Even true lovers of the soul music of the 70s and 80s are reaching the point of being officially tired of soul "covers" albums.  More than two dozen albums recreating classic soul songs have been released in the past two years by artists ranging from Jeffrey Osborne to Patti LaBelle to Hall & Oates, and they show no sign of slowing down.  Some, like recent releases by Natalie Cole and Glenn Jones, have been absolutely inspired.  Others have had the feeling of quickly recorded pieces designed to cash in without little creative thought.  Silk's new soul covers album, Always and Forever, falls somewhere in the middle.  You have to give the quartet credit for mixing on one album such disparate songs as Prince's "Adore" and the Blue Magic classic "Sideshow."  But a covers album only works to the extent that it provides something superior or at least notably different from the original versions, and that's where Always and Forever falls short.

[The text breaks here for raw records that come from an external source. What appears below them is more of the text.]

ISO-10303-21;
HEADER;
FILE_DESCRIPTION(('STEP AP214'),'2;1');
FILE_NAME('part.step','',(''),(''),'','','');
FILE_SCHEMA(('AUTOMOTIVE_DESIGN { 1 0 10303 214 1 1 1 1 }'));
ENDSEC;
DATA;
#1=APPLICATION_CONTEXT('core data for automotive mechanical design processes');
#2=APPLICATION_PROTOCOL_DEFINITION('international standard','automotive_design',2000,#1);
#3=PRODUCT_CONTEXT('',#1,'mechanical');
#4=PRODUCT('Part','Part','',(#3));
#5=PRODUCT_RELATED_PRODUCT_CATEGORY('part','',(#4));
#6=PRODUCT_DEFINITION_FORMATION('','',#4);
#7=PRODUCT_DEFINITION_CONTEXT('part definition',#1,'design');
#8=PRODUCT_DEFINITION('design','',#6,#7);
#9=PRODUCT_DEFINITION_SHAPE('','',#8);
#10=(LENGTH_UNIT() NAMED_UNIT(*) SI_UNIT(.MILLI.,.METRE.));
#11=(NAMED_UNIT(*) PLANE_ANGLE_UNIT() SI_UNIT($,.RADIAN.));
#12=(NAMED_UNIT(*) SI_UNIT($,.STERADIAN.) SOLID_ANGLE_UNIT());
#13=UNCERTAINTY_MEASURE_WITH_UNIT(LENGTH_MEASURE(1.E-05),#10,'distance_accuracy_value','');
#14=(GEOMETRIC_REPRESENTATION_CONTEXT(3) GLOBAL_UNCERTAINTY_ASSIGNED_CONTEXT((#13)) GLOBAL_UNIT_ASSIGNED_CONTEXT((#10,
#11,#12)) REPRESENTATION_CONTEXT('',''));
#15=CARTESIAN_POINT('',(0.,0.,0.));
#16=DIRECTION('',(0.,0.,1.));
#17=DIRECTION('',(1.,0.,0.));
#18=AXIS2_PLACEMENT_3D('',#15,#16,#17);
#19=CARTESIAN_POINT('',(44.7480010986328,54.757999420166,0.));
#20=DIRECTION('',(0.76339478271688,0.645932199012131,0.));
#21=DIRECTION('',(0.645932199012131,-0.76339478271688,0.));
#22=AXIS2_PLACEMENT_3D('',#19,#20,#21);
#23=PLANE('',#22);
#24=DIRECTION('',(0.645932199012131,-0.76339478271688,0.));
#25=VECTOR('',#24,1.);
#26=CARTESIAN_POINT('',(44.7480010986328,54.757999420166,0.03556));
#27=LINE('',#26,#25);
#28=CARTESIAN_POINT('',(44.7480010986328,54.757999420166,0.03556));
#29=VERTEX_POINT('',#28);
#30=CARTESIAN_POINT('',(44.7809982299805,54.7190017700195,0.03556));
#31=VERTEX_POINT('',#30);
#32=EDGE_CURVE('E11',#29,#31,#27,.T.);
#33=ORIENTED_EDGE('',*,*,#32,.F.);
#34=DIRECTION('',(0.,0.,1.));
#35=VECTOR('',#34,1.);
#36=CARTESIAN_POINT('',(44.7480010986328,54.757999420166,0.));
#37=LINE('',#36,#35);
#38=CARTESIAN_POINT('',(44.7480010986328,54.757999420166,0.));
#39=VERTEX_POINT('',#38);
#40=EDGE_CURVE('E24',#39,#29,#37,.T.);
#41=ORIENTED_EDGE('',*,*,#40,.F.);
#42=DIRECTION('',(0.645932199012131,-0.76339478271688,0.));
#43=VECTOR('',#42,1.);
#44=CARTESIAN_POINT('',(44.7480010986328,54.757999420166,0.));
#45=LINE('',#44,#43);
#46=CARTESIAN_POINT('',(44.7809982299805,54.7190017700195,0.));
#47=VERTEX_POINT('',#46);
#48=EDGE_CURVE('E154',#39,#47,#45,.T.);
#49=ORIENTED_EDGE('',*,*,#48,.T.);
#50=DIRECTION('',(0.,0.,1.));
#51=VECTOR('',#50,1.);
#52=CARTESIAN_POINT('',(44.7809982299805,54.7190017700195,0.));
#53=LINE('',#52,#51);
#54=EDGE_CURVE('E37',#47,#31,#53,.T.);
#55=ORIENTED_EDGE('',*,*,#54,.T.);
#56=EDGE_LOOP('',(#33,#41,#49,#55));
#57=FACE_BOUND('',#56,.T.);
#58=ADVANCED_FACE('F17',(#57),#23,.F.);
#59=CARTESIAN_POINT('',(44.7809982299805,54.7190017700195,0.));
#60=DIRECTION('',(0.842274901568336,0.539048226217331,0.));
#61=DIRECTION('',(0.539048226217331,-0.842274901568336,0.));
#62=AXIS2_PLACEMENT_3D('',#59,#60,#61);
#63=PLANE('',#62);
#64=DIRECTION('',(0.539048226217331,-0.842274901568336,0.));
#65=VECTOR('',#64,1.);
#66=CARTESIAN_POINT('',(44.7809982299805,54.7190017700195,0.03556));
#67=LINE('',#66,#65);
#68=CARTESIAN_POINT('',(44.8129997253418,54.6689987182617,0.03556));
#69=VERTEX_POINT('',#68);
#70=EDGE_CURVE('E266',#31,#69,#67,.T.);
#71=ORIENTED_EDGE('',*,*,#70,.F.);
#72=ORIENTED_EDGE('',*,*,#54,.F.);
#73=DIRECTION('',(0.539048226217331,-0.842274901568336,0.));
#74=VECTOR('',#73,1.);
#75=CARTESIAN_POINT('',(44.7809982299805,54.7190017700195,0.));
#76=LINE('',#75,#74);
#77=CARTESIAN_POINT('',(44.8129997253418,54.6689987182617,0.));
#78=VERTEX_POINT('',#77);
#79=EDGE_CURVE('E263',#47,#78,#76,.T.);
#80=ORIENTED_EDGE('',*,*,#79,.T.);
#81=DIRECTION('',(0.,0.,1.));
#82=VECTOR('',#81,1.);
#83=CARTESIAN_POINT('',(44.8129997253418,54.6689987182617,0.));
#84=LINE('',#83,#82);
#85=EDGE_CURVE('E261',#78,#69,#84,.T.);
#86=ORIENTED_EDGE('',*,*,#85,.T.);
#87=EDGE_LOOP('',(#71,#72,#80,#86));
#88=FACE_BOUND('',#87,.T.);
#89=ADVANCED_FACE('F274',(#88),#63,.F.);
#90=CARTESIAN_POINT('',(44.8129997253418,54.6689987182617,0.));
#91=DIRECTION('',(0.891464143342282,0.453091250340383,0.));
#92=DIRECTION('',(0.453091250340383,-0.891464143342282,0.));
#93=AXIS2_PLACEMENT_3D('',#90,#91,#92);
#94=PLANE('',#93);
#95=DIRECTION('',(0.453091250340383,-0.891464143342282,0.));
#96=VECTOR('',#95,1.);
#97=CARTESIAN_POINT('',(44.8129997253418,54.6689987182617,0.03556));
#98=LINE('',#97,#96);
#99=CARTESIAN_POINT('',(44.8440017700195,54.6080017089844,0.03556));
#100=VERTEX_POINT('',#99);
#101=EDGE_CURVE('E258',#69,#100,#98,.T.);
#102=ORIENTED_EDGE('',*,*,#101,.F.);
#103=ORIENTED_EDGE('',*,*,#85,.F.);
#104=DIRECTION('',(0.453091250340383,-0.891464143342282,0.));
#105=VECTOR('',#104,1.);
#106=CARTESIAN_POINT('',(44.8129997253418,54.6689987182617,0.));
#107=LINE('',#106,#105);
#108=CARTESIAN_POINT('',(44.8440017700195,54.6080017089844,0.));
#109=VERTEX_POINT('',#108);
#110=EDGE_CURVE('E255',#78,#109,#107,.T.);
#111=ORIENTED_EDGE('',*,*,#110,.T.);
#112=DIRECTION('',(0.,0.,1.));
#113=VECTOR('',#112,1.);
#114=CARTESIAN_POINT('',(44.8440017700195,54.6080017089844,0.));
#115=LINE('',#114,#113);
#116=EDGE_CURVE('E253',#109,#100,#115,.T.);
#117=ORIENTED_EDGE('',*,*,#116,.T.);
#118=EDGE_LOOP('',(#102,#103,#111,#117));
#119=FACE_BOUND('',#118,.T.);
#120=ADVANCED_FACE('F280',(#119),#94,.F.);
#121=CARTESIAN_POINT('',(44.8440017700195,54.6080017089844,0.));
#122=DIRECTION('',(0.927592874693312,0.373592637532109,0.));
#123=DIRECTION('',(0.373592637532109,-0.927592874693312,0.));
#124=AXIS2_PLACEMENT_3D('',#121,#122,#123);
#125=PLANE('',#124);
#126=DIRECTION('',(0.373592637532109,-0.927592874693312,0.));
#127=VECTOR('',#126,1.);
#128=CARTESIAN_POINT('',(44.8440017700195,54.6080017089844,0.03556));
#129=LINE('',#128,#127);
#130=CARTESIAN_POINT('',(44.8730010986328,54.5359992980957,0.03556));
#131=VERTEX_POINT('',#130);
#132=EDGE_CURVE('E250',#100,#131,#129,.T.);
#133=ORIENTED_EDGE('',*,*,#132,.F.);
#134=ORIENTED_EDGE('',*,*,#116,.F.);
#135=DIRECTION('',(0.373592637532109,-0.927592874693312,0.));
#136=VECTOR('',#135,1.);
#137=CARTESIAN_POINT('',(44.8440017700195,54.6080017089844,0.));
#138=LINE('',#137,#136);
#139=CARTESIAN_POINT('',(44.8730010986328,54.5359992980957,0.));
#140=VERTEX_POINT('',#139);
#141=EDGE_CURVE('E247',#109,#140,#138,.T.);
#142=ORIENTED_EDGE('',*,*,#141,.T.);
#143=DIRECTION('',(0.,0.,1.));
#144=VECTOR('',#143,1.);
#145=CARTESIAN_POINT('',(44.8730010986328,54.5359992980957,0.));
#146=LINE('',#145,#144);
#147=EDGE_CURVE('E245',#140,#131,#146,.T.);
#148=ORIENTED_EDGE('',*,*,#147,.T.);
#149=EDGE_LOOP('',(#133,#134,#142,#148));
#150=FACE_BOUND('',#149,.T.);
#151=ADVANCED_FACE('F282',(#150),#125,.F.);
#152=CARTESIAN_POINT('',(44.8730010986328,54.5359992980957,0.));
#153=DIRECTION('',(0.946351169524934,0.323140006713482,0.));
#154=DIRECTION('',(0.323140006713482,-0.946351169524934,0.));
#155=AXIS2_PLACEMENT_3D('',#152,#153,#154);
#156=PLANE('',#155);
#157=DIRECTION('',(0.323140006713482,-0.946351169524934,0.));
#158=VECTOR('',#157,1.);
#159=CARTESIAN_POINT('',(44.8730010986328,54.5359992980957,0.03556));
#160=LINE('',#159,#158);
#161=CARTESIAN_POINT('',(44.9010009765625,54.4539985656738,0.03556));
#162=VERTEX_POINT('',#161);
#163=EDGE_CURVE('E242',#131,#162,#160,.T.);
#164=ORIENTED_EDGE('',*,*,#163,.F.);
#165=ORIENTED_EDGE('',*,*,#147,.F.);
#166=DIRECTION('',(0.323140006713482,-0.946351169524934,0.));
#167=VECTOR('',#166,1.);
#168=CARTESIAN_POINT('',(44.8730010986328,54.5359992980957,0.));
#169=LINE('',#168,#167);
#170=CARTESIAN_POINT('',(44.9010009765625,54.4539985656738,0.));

It only takes a few bars of Silk's take on Switch's "There'll Never Be" or Quincy Jones' "The Secret Garden" to be assured that these guys can still sing.  Their harmonies are as exquisite as ever, and as a group they work every song just fine.  The problem arises largely in the production, which sounds low budget and overly programmed while attempting to re-create, note-for-note, the original versions of the songs.  So a song like "Sideshow," which originally benefited from classically lush Philadelphia production, here has a foundation of electronic keyboards that cheapen the overall recording and leave the song a pale version of the Blue Magic classic.  And the group's unassuming lead vocals, which were always sufficient on their own new material, here have trouble when compared to original performances by such singers Howard Hewett, Michael Jackson and James Ingram. 

For better or worse, each new covers album has to be compared to the Time-Life compilations being peddled on TV, and the new versions need to "bring it" to distinguish themselves.  And while Silk the group is extremely talented (and is deserving of releasing new, original work), Always and Forever simply doesn't differentiate itself sufficiently to make soul fans choose it over the well-worn classic versions on which this album is based.